# CZ 75 or SP-01 Tactical



## lock&loaded188 (Mar 13, 2007)

Love the stainless steel CZ 75....But I like the SP-01 Tactical's 19 round magazine capacity aswell as the night sights.

Can the CZ 75 hold the same mag 19 round mag as the SP01 without it hanging out the bottom or any problems? 

If so I'm going with the CZ stainless 75.

How much does it cost to have night sights put on?


Thanks playas!


----------



## eerw (Apr 2, 2007)

The 19rnd SP01 mag hangs out the bottom..it uses a basepad to cover the 1/2 or so that extends past the bottom of the gun. It will fit the same way in your 75 stainless..

the SP01 and 75b mags are interchangeable.

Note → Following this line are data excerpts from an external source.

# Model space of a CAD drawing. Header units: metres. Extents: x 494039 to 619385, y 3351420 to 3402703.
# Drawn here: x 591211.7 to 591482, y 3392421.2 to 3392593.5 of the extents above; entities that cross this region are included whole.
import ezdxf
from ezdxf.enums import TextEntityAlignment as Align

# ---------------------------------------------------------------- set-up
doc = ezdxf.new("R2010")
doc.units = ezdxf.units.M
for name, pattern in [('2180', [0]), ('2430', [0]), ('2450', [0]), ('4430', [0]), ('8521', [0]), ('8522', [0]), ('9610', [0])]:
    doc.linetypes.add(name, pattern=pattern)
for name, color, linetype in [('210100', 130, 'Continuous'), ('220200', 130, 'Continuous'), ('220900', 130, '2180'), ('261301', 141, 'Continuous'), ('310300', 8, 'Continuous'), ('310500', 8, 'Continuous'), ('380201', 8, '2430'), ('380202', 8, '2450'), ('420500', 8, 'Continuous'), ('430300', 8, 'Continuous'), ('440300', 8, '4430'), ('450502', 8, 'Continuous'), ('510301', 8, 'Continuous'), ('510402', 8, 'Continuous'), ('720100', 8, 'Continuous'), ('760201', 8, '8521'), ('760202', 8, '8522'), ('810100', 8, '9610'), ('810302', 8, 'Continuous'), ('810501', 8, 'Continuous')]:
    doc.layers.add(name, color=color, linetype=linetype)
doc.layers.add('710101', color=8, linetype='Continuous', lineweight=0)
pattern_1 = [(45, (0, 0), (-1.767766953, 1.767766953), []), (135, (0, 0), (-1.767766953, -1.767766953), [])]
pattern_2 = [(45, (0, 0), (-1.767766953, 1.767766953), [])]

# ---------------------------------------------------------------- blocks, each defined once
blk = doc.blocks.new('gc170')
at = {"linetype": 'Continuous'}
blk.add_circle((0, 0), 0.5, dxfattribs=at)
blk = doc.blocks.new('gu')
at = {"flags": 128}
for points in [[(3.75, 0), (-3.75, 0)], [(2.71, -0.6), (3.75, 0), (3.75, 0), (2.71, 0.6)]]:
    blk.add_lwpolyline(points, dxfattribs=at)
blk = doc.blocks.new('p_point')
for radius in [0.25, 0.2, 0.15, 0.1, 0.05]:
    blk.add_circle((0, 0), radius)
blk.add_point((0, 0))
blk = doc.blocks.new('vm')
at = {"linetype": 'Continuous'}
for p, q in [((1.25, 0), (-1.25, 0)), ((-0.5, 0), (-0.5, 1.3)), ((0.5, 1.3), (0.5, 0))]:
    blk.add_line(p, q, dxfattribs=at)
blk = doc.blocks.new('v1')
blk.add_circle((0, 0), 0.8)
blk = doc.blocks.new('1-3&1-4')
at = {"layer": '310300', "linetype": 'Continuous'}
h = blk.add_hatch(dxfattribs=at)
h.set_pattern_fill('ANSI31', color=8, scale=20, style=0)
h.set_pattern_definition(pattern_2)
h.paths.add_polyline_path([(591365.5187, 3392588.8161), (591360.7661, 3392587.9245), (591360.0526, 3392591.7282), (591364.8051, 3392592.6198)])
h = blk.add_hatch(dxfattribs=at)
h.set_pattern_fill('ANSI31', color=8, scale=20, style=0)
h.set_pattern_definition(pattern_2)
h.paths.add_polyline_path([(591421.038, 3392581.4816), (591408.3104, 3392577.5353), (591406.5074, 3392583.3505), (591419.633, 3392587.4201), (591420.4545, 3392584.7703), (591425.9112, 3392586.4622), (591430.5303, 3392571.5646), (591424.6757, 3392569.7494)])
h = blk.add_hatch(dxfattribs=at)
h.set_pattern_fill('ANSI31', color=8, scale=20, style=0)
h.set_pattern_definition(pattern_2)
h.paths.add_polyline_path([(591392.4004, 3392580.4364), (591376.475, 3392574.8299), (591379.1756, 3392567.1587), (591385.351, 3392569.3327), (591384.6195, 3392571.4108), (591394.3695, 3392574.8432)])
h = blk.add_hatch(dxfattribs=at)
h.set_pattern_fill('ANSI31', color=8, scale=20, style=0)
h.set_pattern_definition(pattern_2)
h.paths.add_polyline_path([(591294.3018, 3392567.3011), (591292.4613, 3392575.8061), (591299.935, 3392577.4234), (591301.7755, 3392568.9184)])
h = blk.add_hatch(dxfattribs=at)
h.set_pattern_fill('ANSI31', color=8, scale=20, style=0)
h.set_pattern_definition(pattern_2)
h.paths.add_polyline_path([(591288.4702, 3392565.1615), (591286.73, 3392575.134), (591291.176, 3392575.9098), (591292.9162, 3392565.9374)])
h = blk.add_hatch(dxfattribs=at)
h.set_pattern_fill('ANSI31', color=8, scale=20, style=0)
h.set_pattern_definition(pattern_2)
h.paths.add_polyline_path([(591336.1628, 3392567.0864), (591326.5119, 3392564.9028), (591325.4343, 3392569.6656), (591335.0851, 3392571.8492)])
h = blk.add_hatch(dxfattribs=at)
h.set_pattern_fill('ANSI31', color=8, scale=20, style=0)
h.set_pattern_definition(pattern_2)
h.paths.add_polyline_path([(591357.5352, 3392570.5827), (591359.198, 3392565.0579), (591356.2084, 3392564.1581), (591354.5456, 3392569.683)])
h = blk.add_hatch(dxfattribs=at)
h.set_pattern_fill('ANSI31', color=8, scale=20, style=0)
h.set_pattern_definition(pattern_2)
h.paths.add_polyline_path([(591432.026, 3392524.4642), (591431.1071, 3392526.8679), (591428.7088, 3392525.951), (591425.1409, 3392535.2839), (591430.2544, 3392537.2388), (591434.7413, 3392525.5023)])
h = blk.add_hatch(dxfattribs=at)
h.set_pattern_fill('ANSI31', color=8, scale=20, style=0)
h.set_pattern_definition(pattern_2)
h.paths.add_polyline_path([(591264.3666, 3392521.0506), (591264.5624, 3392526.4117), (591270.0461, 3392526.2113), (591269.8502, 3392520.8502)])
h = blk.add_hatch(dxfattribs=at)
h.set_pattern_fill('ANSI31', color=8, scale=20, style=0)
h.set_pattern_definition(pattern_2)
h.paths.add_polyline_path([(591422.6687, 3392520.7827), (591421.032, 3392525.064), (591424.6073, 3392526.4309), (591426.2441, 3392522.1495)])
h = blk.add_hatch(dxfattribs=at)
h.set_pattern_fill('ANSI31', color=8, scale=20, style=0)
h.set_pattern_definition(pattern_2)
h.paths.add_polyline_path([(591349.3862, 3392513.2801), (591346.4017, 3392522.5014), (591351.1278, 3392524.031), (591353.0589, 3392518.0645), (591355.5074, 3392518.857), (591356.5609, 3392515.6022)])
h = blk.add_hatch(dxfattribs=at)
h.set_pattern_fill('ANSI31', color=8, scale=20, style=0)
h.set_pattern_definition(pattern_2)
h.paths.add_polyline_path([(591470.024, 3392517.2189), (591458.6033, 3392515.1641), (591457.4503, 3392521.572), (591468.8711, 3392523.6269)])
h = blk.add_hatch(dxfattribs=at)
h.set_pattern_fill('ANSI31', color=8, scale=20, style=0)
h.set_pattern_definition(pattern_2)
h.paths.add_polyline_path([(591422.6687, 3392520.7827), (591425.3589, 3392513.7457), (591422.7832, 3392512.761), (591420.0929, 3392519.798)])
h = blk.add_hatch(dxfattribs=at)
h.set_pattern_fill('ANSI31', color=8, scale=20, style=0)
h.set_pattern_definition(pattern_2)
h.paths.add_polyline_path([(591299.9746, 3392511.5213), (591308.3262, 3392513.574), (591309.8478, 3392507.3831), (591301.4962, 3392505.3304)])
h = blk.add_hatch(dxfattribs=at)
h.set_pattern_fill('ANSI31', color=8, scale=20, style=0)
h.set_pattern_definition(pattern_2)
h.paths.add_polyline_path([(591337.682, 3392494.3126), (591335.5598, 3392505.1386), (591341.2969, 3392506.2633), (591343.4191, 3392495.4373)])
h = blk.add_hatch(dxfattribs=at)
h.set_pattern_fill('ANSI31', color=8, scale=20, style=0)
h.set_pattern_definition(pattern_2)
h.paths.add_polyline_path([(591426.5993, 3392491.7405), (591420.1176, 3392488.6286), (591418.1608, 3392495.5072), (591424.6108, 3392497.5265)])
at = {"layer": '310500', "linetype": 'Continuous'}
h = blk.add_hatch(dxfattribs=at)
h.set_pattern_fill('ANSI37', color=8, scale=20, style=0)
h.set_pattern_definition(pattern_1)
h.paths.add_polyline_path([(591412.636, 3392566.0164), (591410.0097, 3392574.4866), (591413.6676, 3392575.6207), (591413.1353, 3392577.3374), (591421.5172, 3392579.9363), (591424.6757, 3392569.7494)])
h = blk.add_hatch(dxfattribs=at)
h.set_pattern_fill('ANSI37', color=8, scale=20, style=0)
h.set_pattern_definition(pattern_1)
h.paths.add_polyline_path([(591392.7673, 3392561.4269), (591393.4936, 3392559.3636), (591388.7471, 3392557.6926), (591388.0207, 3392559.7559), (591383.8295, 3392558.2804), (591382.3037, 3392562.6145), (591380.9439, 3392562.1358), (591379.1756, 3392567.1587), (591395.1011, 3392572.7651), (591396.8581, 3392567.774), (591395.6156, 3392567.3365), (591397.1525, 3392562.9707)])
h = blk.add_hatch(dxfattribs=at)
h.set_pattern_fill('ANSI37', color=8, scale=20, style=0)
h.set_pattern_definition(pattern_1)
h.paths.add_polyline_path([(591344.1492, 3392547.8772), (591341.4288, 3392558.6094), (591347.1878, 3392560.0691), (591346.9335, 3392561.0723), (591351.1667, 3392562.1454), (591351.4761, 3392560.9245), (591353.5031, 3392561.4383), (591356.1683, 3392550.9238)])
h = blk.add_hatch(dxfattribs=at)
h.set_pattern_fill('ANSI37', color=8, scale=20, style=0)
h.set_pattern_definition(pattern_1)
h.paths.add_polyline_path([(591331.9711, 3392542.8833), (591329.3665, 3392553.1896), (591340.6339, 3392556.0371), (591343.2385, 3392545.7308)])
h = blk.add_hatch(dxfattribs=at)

as for night sights..there are couple of variants that fit the CZ75b dovetail. the sights themselves are around $50-$60. not sure how much it would cost to install..but it is pretty easy to do your self..


----------



## Revolver (Aug 26, 2006)

eerw said:


> The 19rnd SP01 mag hangs out the bottom..it uses a basepad to cover the 1/2 or so that extends past the bottom of the gun. It will fit the same way in your 75 stainless..


Just so I understand it better: It looks the same/sticks out the same amount int the '75 as it does the SP01?


----------



## Vom Kriege (May 5, 2006)

I don't own a CZ, but a shooting buddy has the decock version of the SP01. It's a sweet shooting pistol. There is virtually no recoil or muzzle flip with it as it is a 40oz 9mm with a lot of weight in the dust cover. I've been very tempted to get the SA version.


----------



## Nra-Life-Member (Mar 16, 2007)

Nice to know about the magazines.. I have been thinking about the SP01 due to the capacity - but if the mags are interchangeable, then the 75 might be the ticket..


----------